The other issue clearly overlooked is the time at night when there is the least demand on power. Electricity demand is not a constant.

Morning and evening are peak usage times with minimal assistance from solar.
Wind can be minimal in the morning (where I live a morning breeze is a rarity, but perhaps wind farms are different).
I suspect that storage will be the major supplier in the morning absent coal, gas or pumped hydro.

Your problem is that geographical distribution of generation means cost for trunking that power to where it is needed. Additionally you need to increase the number of renewable generators since your plan actually increases the probability that some part of the network is under cloud, I.e you are minimising the chances of major production losses by increasing the chances of some generation losses.
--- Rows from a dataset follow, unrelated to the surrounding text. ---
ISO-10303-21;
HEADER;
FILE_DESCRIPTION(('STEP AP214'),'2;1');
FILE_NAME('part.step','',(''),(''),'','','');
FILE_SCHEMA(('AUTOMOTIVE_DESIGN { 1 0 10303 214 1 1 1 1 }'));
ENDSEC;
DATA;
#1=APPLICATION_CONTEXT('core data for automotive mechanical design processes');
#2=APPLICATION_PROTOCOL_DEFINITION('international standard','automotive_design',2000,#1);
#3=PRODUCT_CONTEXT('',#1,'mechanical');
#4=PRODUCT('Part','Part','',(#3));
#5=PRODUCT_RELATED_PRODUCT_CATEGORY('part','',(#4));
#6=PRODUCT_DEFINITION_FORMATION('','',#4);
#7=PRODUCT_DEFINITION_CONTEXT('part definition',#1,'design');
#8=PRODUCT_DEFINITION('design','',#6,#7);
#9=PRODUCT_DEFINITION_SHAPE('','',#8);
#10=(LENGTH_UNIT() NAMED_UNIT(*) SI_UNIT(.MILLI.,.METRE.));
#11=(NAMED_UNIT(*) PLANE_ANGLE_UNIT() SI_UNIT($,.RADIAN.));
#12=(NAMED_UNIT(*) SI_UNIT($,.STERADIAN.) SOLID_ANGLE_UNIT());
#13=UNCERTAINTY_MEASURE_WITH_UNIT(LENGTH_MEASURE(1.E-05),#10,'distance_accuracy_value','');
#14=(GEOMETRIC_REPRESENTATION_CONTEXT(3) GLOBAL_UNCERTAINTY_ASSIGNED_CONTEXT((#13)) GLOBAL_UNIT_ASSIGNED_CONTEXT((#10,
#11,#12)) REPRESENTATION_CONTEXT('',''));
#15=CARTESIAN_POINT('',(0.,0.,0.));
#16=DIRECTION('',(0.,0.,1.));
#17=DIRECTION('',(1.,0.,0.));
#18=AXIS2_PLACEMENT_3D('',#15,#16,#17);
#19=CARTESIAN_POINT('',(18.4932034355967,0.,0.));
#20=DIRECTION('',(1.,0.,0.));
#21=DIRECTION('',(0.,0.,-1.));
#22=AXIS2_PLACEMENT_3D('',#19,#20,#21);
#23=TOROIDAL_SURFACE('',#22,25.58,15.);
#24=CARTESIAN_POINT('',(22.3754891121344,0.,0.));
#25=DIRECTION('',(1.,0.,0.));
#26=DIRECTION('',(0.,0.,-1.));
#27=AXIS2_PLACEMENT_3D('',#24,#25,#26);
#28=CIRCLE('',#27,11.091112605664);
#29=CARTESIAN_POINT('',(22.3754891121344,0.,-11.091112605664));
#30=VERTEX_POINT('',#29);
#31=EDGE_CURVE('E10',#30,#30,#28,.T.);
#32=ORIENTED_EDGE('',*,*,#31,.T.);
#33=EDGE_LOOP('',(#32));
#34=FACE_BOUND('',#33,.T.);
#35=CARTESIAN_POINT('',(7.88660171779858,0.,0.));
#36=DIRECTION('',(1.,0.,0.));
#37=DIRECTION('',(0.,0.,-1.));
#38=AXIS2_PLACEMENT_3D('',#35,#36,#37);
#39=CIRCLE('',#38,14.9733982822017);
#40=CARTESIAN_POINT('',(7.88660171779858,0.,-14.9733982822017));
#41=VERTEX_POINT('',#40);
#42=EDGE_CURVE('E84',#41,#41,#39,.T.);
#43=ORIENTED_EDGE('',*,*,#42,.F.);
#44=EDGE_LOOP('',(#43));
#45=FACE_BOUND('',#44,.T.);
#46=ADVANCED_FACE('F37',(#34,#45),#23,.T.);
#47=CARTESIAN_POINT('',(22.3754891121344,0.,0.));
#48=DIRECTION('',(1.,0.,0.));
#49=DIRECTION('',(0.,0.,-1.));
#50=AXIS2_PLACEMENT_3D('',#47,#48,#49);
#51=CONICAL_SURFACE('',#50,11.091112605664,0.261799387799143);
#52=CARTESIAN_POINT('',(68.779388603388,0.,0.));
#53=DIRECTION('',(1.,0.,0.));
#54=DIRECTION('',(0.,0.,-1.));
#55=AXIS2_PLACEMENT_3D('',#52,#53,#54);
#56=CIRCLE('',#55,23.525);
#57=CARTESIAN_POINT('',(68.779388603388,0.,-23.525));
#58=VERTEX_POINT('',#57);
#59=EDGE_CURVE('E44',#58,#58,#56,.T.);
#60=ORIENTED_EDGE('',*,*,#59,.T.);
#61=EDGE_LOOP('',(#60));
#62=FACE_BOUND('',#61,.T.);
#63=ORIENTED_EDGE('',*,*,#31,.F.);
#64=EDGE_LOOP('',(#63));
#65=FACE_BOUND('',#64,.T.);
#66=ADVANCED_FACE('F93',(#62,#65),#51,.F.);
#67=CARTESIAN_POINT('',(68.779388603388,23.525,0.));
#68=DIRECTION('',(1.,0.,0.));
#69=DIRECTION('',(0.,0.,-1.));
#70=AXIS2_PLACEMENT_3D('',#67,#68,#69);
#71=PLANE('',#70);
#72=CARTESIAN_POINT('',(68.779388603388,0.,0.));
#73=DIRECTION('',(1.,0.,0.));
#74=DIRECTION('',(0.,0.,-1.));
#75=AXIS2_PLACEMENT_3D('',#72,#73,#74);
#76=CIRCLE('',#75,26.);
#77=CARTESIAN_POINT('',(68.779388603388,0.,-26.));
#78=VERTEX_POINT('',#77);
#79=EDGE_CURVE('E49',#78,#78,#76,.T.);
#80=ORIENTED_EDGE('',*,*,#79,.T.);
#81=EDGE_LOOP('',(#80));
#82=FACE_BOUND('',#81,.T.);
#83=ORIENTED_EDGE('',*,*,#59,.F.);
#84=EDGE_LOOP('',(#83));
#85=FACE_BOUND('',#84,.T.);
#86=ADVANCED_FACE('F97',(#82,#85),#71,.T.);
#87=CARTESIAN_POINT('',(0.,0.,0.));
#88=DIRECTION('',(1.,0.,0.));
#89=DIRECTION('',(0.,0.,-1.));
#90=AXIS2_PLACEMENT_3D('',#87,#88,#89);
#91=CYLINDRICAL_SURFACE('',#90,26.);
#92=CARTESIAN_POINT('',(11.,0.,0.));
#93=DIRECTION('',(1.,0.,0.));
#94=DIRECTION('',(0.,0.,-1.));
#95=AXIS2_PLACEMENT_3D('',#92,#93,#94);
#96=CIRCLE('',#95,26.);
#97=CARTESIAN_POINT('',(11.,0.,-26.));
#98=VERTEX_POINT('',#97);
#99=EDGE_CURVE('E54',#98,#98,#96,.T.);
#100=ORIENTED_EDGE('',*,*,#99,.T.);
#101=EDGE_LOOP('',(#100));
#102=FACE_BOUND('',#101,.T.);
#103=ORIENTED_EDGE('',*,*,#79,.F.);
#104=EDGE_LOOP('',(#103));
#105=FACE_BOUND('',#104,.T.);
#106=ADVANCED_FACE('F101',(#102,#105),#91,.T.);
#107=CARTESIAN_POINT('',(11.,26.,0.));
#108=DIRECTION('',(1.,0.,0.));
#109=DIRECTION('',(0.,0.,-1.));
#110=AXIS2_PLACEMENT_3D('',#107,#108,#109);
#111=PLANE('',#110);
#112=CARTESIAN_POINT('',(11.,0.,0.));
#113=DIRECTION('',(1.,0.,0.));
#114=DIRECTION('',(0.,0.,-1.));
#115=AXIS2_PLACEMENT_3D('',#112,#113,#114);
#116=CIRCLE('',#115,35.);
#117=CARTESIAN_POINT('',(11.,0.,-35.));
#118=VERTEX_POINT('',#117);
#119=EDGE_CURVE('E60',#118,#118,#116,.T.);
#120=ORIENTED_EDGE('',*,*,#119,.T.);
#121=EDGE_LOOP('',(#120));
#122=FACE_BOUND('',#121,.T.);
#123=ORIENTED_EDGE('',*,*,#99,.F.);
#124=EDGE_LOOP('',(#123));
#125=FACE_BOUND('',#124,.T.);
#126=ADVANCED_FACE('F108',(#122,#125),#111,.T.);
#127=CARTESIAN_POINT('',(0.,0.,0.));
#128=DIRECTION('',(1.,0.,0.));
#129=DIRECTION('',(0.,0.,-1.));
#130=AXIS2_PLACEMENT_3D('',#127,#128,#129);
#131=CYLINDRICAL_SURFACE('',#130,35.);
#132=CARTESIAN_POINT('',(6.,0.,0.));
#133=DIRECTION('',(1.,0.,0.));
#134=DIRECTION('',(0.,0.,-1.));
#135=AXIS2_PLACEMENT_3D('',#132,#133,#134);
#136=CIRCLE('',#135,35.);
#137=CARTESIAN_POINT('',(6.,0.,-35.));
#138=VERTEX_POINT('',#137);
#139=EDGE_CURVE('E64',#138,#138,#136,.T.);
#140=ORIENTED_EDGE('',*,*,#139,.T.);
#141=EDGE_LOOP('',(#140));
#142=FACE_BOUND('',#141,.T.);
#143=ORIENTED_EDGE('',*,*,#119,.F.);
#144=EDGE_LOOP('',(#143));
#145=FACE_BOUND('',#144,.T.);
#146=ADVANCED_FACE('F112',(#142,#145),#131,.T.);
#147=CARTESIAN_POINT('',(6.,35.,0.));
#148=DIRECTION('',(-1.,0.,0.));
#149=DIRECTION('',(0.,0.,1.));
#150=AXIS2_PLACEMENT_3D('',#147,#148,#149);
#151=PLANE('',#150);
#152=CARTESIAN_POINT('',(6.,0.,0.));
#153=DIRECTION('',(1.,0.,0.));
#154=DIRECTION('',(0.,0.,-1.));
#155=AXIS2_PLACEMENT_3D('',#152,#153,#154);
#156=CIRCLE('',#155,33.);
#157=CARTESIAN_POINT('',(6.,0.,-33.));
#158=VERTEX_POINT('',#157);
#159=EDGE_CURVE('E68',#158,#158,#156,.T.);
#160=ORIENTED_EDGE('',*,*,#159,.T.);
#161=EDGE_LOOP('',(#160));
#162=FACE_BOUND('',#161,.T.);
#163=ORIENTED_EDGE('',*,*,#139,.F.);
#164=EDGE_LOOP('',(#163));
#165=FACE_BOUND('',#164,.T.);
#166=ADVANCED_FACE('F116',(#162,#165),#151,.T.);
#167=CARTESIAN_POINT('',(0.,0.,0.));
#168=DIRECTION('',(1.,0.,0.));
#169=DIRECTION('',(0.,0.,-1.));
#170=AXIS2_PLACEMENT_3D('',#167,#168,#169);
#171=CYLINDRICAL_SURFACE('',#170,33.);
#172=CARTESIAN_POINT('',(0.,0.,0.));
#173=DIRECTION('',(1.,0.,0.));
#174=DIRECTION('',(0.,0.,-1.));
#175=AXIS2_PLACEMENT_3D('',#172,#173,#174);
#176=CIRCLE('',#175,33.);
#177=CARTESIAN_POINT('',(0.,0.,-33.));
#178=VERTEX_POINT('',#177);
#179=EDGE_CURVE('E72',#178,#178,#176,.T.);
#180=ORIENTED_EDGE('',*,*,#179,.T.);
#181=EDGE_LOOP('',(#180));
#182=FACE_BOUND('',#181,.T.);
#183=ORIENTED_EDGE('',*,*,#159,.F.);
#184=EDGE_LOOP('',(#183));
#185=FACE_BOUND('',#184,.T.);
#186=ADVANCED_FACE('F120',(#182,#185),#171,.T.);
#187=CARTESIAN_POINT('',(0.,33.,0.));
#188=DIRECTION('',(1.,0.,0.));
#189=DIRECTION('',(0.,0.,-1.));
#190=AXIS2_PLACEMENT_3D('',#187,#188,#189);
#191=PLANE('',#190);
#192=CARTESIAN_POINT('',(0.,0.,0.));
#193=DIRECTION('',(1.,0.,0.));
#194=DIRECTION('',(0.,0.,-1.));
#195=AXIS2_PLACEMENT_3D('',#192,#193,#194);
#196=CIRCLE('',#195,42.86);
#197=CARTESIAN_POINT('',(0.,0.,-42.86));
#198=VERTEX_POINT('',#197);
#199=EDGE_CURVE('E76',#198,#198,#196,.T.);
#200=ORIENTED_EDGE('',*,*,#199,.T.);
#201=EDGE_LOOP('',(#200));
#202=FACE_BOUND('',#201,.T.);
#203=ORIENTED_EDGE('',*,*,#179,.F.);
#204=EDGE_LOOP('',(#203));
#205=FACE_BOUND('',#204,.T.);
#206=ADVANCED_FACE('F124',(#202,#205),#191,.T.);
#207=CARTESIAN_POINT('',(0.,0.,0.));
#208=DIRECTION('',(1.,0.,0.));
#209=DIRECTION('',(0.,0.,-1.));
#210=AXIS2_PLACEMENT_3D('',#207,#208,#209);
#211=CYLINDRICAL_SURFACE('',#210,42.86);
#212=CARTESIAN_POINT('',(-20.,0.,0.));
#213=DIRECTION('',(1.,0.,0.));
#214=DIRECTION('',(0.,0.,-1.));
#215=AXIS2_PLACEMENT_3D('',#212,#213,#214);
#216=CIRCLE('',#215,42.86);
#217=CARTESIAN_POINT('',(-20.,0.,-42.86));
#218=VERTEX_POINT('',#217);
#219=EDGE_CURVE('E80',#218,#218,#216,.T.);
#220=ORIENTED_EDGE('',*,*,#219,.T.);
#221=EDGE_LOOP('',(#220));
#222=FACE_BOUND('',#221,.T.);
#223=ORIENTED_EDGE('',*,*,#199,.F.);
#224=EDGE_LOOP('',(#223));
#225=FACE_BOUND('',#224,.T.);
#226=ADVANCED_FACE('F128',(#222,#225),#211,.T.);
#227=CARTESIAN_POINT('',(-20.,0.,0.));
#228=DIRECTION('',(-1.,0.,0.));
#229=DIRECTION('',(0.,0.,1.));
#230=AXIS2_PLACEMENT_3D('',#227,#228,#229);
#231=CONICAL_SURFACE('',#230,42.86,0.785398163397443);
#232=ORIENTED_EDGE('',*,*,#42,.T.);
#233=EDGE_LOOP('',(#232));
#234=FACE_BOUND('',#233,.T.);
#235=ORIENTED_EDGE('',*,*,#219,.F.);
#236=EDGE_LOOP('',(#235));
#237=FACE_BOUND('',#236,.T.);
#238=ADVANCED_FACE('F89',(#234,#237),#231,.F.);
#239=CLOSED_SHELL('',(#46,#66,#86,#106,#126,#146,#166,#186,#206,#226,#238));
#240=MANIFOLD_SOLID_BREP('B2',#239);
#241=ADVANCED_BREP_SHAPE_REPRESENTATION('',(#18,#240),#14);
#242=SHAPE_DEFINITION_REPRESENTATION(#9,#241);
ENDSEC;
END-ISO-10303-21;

Believing that you can overbuild interconnects to somehow redirect production from everywhere cheaply is a rather typical fallacy. It’s not like plugging some double adaptors … even the interconnects we have built between the states are a balance between capacity and cost and they are currently a small fraction of total state energy demand, yet you surmise that we can do this across the entire rather dispersed renewable grid with the ability to trunk total energy demand due to weather conditions. It’s just not realistic when you actually do the engineering detail rather than hand-waving.